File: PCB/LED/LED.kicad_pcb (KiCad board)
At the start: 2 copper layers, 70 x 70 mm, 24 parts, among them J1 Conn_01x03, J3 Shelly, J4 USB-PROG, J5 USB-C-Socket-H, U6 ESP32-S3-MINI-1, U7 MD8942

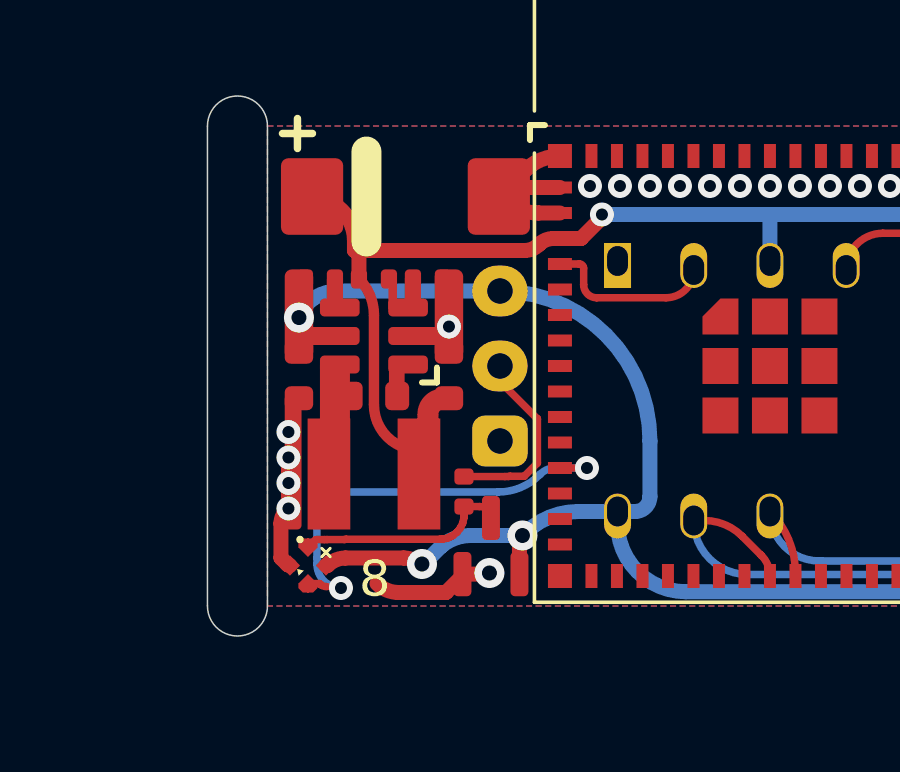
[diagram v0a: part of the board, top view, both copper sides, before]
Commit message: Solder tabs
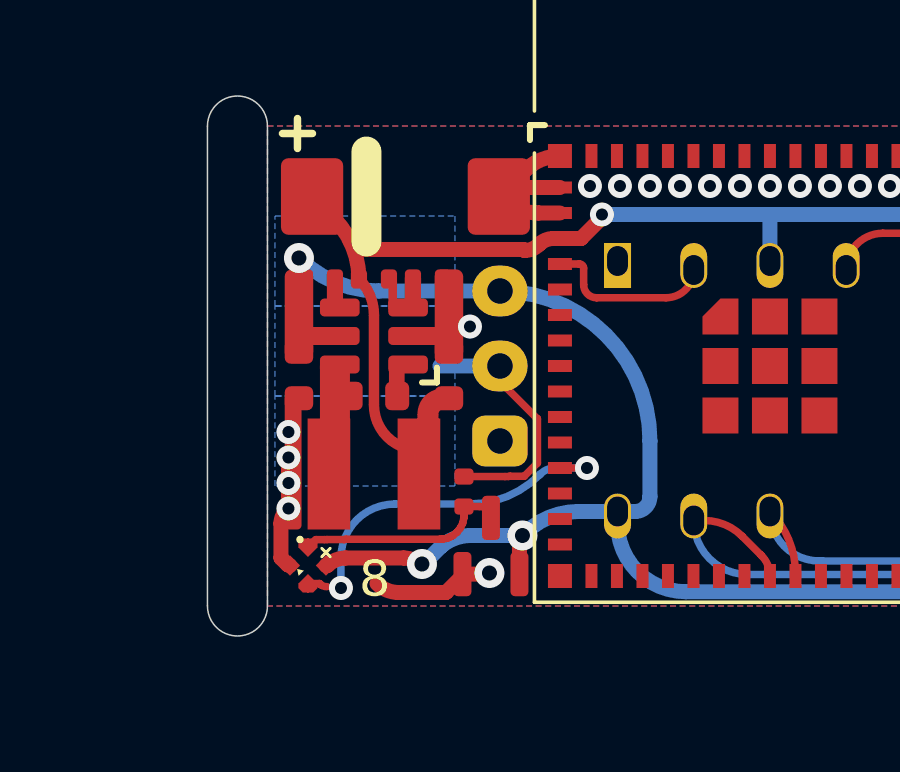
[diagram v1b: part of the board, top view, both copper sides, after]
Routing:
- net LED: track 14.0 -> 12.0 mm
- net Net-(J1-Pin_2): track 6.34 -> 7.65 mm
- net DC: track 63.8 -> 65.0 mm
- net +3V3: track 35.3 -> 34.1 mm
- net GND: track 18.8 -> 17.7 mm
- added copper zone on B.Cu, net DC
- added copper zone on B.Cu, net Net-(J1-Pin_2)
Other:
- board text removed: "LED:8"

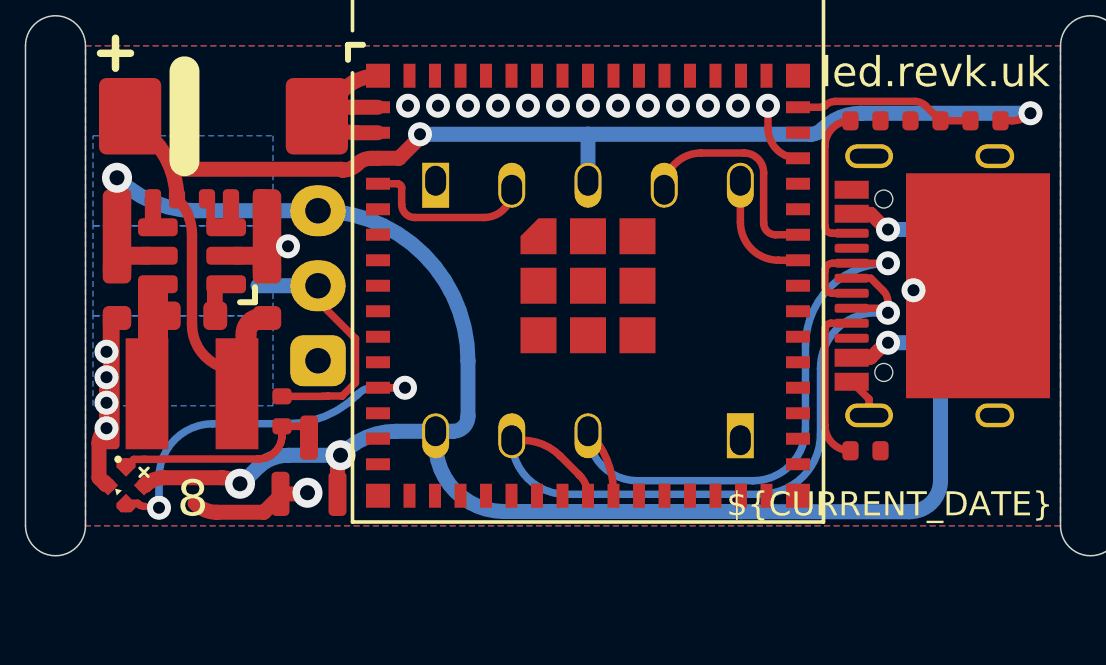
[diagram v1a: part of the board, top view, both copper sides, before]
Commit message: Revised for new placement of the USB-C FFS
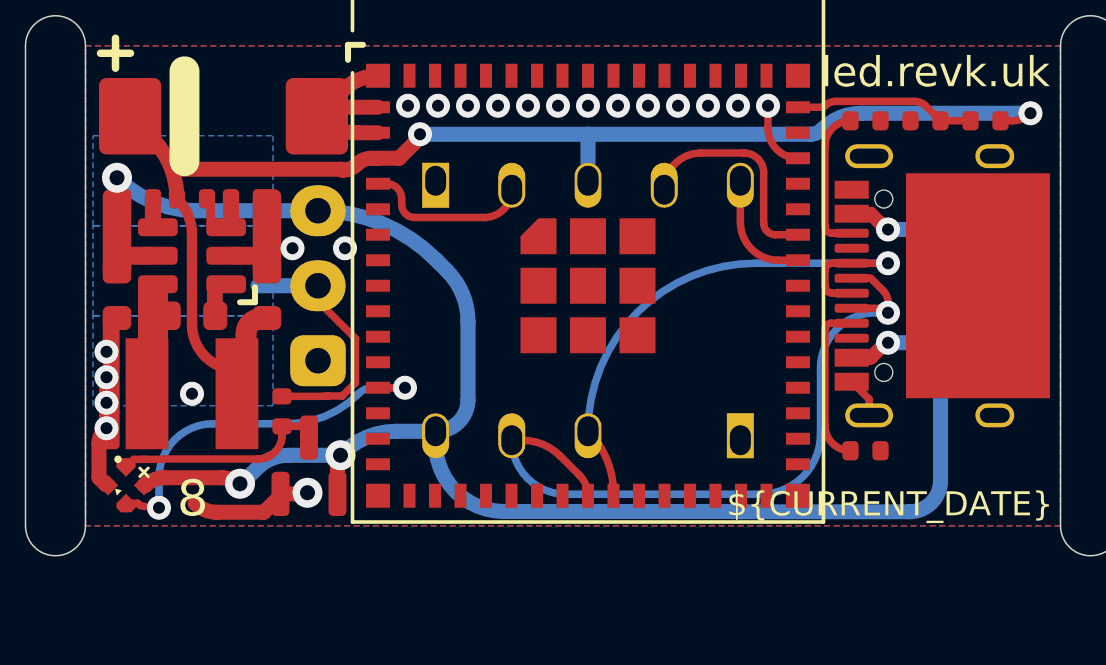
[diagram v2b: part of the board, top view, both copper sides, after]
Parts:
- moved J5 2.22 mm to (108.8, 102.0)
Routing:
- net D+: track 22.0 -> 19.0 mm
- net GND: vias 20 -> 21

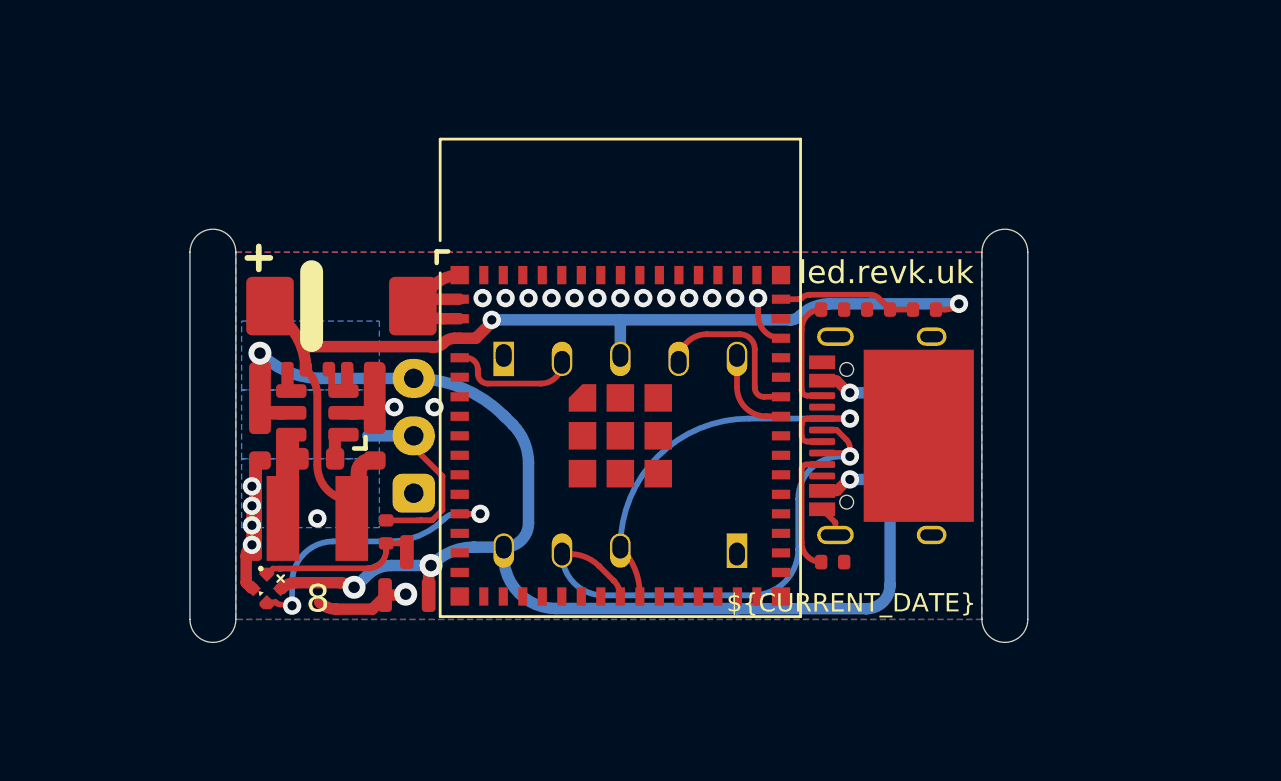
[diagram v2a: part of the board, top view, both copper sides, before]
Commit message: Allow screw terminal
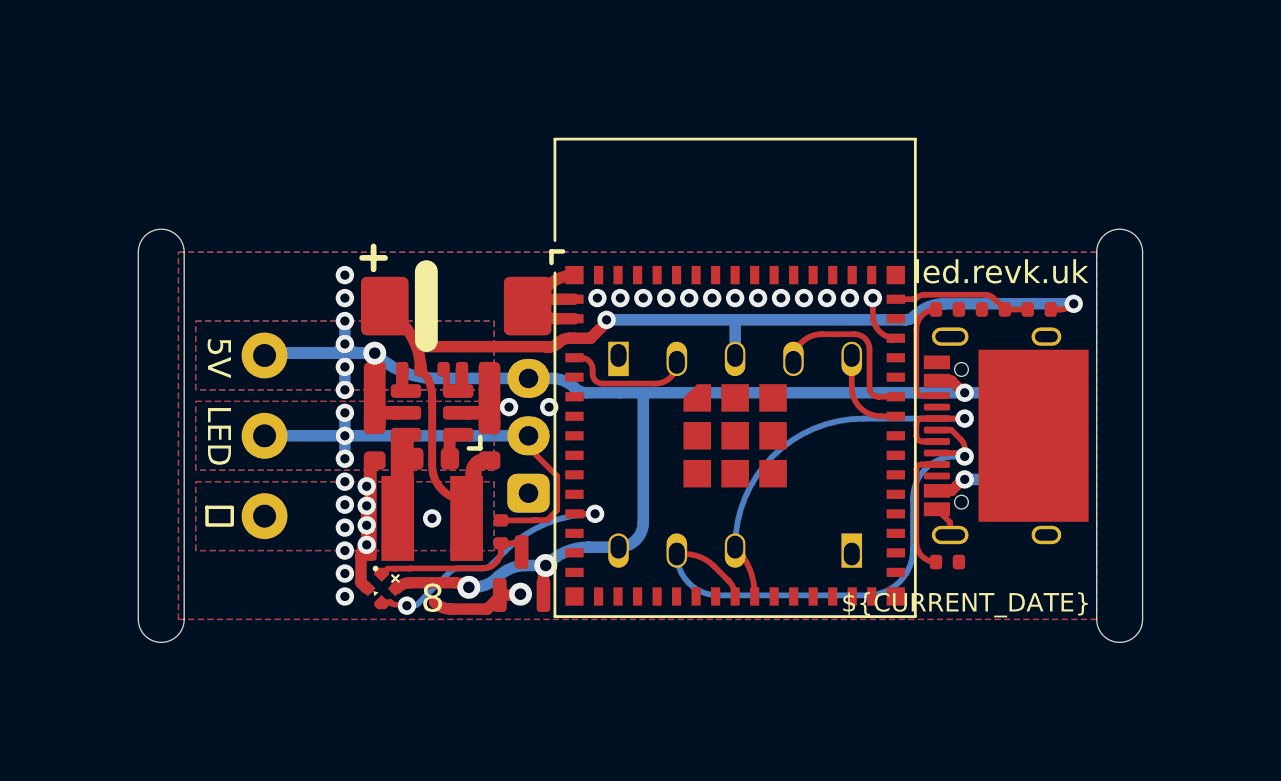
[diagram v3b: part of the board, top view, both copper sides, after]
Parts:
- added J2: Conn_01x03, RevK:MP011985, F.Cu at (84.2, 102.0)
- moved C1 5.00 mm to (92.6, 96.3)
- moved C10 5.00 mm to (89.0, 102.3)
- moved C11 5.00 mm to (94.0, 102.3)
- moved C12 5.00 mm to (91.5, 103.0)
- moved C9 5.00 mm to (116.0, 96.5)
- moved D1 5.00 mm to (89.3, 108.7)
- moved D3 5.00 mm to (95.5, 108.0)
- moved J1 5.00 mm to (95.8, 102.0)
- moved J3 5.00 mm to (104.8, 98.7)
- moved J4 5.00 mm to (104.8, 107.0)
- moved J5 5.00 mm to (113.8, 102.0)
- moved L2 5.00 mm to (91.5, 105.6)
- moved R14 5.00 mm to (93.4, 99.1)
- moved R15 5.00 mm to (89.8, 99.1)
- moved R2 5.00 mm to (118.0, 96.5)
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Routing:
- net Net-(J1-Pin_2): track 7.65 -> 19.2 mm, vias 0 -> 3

### ASSIGNMENT
Pull every line that holds the string "diagram" out of the records.

### COMPLETED TASK
[diagram v0a: part of the board, top view, both copper sides, before]
[diagram v1b: part of the board, top view, both copper sides, after]
[diagram v1a: part of the board, top view, both copper sides, before]
[diagram v2b: part of the board, top view, both copper sides, after]
[diagram v2a: part of the board, top view, both copper sides, before]
[diagram v3b: part of the board, top view, both copper sides, after]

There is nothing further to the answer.